§ **YOUR ASSIGNMENT**:
Using the data below, return the stretch from the line that contains "#142=ADVANCED_FACE('F110',(#141),#125,.F.);" through the line that contains "#156=DIRECTION('',(0.,0.,1.));", both included, exactly as it stands and nothing beyond it.

§ **Records from a data source**:
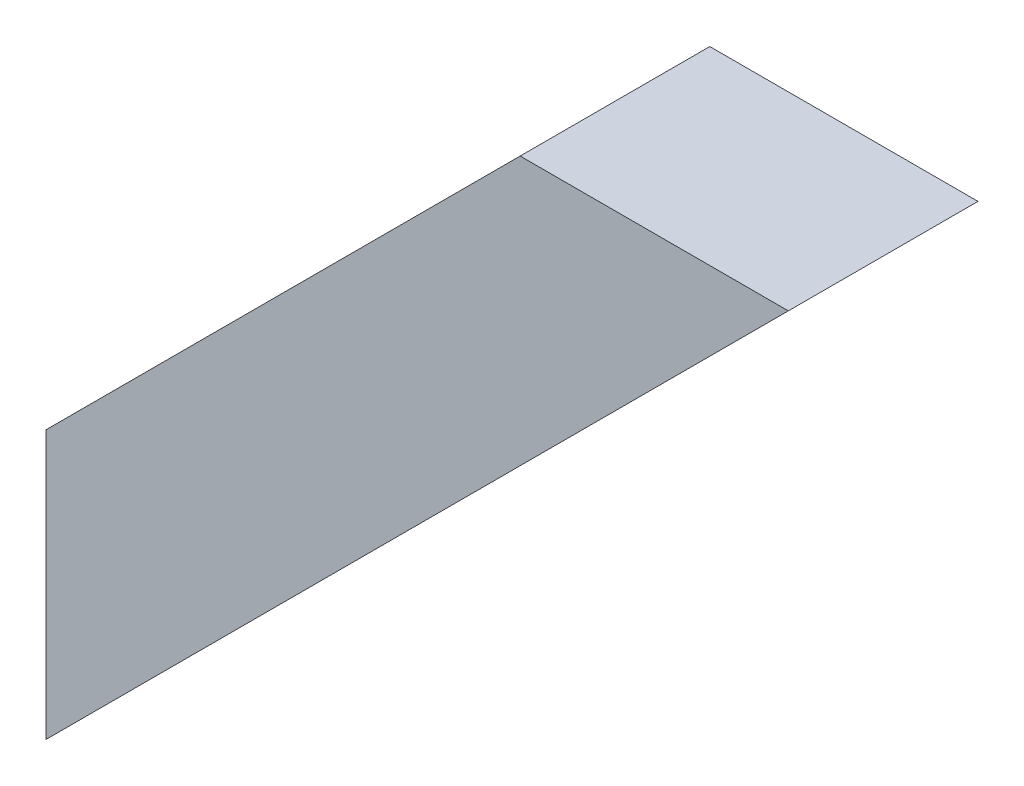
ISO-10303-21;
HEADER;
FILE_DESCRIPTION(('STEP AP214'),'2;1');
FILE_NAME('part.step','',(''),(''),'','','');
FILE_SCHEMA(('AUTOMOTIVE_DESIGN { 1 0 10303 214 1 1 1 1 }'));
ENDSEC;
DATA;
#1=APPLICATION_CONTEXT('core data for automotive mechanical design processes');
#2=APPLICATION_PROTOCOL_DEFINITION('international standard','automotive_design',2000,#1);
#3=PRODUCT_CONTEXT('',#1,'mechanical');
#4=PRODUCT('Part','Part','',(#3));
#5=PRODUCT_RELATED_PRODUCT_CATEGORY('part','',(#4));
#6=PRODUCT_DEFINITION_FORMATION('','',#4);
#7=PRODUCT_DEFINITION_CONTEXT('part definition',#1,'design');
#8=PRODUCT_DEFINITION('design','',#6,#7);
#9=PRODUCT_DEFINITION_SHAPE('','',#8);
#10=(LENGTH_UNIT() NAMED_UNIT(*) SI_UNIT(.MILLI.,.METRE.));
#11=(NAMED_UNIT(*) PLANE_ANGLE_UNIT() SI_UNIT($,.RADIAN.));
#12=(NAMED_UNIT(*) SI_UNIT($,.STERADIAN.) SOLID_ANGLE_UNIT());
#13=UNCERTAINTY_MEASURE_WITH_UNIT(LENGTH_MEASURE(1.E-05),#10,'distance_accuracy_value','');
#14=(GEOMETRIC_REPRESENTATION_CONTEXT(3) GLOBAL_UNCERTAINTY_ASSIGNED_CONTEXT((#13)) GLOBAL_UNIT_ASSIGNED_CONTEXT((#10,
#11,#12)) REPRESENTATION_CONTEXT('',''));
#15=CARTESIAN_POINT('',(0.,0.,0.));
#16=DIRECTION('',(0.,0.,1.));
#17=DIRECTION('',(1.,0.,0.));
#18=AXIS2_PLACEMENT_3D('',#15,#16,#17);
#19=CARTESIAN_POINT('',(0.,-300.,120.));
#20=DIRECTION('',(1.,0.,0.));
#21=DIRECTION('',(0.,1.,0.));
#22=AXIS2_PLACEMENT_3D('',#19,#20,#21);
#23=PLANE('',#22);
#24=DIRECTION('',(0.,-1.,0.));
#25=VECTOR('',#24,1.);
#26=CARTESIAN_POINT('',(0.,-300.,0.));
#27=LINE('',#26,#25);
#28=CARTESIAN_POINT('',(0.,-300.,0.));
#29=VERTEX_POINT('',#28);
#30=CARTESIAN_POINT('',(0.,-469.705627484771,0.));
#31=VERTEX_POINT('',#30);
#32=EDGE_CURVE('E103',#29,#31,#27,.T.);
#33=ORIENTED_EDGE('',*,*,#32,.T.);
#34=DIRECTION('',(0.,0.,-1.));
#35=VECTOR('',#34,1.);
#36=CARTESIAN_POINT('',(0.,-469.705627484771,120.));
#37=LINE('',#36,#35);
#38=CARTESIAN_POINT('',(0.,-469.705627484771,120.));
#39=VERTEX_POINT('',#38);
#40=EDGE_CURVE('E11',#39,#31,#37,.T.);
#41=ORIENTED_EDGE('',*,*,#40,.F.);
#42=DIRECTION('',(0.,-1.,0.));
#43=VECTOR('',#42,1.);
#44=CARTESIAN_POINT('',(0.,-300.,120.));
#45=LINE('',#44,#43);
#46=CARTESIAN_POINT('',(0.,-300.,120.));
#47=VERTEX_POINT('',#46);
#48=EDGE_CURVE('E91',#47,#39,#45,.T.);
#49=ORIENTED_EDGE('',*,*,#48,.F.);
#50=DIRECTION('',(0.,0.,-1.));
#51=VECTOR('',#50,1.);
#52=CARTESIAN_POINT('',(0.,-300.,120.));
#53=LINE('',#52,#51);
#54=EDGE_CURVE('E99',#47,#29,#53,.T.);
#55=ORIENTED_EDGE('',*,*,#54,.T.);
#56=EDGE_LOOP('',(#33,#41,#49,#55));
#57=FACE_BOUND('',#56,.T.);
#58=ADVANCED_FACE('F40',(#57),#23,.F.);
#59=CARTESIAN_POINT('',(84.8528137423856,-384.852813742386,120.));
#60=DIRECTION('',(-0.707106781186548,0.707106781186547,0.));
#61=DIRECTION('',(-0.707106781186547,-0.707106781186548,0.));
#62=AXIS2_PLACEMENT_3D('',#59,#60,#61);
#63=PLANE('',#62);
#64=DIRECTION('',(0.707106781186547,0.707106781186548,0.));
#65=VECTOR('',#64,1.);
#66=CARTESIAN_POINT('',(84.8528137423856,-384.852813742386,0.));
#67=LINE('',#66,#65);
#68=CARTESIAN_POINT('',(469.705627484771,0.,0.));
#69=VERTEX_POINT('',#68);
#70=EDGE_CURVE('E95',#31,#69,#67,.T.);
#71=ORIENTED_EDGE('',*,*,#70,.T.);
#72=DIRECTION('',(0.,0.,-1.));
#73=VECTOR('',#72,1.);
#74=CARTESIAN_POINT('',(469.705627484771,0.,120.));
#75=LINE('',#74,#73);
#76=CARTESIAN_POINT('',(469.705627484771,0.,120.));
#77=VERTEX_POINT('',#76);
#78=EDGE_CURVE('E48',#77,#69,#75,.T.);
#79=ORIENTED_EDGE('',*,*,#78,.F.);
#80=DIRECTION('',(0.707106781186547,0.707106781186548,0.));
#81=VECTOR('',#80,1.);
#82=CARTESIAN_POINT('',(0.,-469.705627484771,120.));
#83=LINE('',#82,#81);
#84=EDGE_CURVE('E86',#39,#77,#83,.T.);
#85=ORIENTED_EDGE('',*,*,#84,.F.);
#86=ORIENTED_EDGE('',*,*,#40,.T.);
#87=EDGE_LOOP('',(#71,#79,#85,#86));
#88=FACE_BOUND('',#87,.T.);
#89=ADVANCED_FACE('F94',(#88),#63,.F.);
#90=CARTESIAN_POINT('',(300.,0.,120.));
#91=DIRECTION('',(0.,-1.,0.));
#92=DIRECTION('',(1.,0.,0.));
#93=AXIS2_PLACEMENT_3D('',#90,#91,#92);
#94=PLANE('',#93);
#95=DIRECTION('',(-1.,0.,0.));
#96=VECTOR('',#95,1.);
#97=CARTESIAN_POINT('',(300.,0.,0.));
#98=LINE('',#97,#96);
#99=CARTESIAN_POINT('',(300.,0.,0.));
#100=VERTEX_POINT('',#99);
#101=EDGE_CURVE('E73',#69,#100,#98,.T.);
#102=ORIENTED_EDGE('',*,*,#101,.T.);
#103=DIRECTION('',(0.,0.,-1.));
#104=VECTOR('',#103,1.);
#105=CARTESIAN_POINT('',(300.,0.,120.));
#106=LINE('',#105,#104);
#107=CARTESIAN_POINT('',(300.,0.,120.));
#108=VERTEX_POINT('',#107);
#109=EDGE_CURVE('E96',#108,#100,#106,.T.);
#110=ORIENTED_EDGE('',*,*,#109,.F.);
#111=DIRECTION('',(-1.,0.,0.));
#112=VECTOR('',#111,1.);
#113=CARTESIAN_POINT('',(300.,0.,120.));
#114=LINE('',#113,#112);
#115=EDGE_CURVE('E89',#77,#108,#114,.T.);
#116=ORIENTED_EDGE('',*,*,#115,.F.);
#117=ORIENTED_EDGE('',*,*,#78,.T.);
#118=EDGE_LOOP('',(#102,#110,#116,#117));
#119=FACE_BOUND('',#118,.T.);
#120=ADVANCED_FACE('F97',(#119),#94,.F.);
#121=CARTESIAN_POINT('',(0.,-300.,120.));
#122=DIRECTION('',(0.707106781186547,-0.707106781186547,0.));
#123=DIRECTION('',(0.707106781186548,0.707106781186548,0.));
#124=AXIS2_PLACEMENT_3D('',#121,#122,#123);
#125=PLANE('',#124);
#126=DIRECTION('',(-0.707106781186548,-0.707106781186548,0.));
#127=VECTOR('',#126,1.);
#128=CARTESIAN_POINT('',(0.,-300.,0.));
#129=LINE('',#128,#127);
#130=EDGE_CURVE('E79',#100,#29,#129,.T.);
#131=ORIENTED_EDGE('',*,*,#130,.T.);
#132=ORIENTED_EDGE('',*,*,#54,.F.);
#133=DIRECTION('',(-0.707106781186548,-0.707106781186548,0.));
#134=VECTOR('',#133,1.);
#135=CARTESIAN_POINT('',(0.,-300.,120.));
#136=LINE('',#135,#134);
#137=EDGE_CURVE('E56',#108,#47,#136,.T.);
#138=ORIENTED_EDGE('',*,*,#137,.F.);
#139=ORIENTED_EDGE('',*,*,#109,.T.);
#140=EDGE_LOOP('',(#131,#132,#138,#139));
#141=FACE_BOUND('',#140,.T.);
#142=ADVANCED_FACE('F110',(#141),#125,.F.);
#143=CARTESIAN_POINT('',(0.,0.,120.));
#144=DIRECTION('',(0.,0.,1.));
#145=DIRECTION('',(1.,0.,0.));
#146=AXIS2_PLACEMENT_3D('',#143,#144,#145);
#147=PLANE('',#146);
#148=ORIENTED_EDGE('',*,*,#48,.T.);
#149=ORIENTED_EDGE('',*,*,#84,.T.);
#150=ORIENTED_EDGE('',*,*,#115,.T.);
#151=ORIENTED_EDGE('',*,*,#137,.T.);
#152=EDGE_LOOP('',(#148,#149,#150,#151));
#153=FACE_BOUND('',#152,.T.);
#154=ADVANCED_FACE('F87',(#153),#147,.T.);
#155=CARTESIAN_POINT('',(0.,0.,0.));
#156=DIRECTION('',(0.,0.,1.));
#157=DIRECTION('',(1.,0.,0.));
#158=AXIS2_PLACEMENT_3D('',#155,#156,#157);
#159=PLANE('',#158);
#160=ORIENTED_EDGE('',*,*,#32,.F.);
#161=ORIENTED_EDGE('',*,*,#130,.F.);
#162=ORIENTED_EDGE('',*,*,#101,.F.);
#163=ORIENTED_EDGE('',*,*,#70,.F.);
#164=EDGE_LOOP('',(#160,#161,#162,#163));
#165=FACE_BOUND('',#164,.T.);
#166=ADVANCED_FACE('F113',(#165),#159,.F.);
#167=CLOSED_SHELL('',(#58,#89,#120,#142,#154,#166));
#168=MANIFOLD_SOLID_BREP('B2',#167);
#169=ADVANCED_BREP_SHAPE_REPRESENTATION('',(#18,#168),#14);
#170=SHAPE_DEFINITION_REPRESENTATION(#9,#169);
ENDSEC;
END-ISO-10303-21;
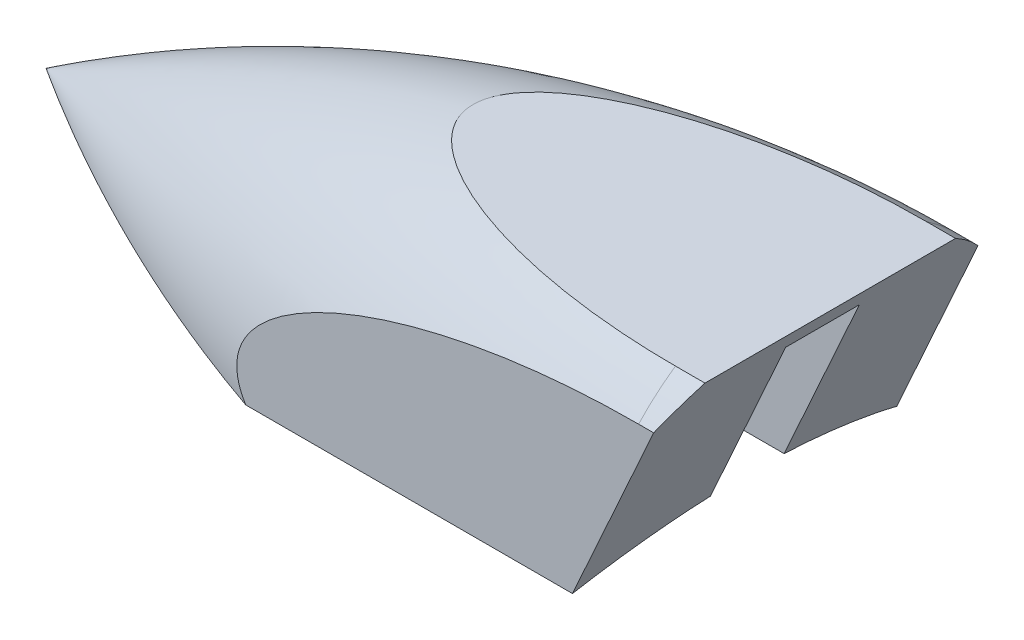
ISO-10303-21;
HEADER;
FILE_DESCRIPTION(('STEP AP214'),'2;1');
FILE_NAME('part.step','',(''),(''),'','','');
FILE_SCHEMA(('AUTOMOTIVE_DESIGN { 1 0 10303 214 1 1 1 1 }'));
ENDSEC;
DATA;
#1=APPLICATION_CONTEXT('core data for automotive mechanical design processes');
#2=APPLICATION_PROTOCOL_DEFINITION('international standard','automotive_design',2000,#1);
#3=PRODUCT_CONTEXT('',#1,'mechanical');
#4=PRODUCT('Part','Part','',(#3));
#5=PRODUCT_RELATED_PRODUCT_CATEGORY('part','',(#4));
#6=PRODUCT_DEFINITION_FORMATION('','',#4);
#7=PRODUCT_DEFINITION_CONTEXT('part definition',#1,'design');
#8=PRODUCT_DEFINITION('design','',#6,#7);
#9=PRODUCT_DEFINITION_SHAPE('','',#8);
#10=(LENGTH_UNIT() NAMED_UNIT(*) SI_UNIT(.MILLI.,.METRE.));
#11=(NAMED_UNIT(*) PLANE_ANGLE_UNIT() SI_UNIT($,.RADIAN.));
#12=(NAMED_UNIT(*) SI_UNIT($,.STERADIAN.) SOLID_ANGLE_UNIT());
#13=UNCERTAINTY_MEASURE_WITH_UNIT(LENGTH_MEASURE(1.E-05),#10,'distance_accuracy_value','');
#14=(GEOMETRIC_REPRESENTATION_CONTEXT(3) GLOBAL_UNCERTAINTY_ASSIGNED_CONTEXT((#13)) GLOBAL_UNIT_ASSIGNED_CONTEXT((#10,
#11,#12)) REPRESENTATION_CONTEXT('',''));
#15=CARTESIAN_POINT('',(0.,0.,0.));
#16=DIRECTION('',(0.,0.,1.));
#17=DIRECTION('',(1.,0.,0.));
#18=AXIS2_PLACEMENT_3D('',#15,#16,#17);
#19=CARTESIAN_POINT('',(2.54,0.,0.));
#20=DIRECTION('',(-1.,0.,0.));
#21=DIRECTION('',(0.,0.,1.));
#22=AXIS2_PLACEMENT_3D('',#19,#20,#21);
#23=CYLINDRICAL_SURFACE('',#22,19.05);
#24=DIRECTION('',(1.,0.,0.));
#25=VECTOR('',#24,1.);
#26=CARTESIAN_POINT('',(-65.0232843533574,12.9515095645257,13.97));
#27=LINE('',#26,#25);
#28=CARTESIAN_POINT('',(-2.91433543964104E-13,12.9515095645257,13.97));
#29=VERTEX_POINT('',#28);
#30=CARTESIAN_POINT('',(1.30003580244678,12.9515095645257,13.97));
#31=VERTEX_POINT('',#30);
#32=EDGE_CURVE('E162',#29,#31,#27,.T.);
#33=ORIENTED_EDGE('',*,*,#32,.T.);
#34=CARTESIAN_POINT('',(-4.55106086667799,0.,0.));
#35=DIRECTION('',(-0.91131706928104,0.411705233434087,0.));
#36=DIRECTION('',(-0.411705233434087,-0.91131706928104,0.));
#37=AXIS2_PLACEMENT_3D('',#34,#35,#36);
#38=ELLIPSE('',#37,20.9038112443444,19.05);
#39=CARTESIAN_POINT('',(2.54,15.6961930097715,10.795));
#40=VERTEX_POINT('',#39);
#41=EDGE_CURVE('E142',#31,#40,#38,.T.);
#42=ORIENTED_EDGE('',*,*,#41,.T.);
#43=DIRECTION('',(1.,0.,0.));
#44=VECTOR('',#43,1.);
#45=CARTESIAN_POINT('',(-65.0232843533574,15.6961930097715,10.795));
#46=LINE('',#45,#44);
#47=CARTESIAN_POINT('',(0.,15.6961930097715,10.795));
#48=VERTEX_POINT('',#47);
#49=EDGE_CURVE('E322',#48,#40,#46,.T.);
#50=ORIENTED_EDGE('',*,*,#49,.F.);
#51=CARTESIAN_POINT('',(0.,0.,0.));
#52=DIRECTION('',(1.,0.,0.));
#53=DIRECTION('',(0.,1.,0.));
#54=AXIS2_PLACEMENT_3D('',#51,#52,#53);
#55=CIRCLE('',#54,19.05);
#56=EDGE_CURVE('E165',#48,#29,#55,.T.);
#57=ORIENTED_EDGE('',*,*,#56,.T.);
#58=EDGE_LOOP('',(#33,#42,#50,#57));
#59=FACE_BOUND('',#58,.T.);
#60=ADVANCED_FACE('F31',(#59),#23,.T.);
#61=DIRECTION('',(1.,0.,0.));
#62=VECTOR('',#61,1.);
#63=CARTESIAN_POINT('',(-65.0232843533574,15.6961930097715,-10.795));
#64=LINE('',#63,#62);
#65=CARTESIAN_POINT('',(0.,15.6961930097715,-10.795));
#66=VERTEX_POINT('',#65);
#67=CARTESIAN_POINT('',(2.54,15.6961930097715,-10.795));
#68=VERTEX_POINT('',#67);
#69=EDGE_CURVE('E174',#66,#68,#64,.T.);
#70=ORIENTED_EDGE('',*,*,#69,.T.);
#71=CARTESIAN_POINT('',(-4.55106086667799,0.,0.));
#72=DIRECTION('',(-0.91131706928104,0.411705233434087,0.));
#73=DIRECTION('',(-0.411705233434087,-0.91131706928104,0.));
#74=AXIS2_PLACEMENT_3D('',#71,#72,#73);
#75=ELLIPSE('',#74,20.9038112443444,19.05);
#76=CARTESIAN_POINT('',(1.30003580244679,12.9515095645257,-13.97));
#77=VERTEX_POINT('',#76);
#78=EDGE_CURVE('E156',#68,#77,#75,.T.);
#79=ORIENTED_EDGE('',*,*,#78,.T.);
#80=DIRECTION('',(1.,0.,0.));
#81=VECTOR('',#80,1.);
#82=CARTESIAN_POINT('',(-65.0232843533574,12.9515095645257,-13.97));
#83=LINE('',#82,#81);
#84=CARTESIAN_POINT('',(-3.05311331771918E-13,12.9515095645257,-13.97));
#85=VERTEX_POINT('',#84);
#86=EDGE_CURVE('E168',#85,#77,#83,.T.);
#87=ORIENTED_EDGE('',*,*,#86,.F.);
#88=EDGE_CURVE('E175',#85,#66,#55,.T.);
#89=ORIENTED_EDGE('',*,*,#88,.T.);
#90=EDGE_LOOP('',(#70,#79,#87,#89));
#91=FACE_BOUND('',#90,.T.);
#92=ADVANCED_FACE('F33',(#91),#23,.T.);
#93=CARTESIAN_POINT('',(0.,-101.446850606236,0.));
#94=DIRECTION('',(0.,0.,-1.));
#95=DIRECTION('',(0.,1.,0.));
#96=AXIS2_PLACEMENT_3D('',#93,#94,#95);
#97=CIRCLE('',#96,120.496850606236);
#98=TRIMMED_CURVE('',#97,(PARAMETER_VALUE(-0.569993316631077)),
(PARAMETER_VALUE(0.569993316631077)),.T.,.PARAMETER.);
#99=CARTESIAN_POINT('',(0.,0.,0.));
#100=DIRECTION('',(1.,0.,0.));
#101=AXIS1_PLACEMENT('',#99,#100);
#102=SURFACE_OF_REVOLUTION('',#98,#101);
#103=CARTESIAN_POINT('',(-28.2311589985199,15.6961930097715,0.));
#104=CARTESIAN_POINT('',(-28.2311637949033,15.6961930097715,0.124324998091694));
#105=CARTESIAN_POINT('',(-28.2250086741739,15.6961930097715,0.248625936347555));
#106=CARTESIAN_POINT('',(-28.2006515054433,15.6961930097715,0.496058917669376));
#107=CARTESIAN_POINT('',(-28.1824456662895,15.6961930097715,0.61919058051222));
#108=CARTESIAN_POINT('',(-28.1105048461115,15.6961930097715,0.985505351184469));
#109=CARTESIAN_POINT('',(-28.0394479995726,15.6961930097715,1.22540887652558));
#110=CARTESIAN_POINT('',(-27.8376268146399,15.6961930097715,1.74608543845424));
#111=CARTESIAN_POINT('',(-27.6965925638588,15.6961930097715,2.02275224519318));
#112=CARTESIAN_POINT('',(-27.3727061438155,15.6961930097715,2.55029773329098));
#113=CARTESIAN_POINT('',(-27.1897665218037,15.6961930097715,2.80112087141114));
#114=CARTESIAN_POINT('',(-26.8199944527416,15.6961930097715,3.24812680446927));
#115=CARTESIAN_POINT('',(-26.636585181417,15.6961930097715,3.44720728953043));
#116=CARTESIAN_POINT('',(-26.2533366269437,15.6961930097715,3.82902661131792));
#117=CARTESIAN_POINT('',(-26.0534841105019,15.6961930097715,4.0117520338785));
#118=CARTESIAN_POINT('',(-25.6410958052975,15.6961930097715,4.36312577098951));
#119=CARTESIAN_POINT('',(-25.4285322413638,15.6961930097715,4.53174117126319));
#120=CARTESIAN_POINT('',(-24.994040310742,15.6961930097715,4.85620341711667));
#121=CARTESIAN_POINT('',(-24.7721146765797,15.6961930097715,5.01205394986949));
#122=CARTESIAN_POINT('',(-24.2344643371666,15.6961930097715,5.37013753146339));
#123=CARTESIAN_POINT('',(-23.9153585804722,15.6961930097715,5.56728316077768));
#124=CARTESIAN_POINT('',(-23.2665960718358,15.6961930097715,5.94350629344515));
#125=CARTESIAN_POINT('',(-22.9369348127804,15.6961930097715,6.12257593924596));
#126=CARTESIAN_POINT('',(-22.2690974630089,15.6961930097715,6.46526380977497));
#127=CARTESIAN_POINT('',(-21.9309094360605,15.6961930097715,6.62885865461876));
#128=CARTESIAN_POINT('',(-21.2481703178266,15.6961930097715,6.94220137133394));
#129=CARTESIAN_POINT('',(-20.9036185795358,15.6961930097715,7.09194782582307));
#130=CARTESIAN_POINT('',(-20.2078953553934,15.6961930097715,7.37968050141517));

§ **EXERCISE RESULT**:
#142=ADVANCED_FACE('F110',(#141),#125,.F.);
#143=CARTESIAN_POINT('',(0.,0.,120.));
#144=DIRECTION('',(0.,0.,1.));
#145=DIRECTION('',(1.,0.,0.));
#146=AXIS2_PLACEMENT_3D('',#143,#144,#145);
#147=PLANE('',#146);
#148=ORIENTED_EDGE('',*,*,#48,.T.);
#149=ORIENTED_EDGE('',*,*,#84,.T.);
#150=ORIENTED_EDGE('',*,*,#115,.T.);
#151=ORIENTED_EDGE('',*,*,#137,.T.);
#152=EDGE_LOOP('',(#148,#149,#150,#151));
#153=FACE_BOUND('',#152,.T.);
#154=ADVANCED_FACE('F87',(#153),#147,.T.);
#155=CARTESIAN_POINT('',(0.,0.,0.));
#156=DIRECTION('',(0.,0.,1.));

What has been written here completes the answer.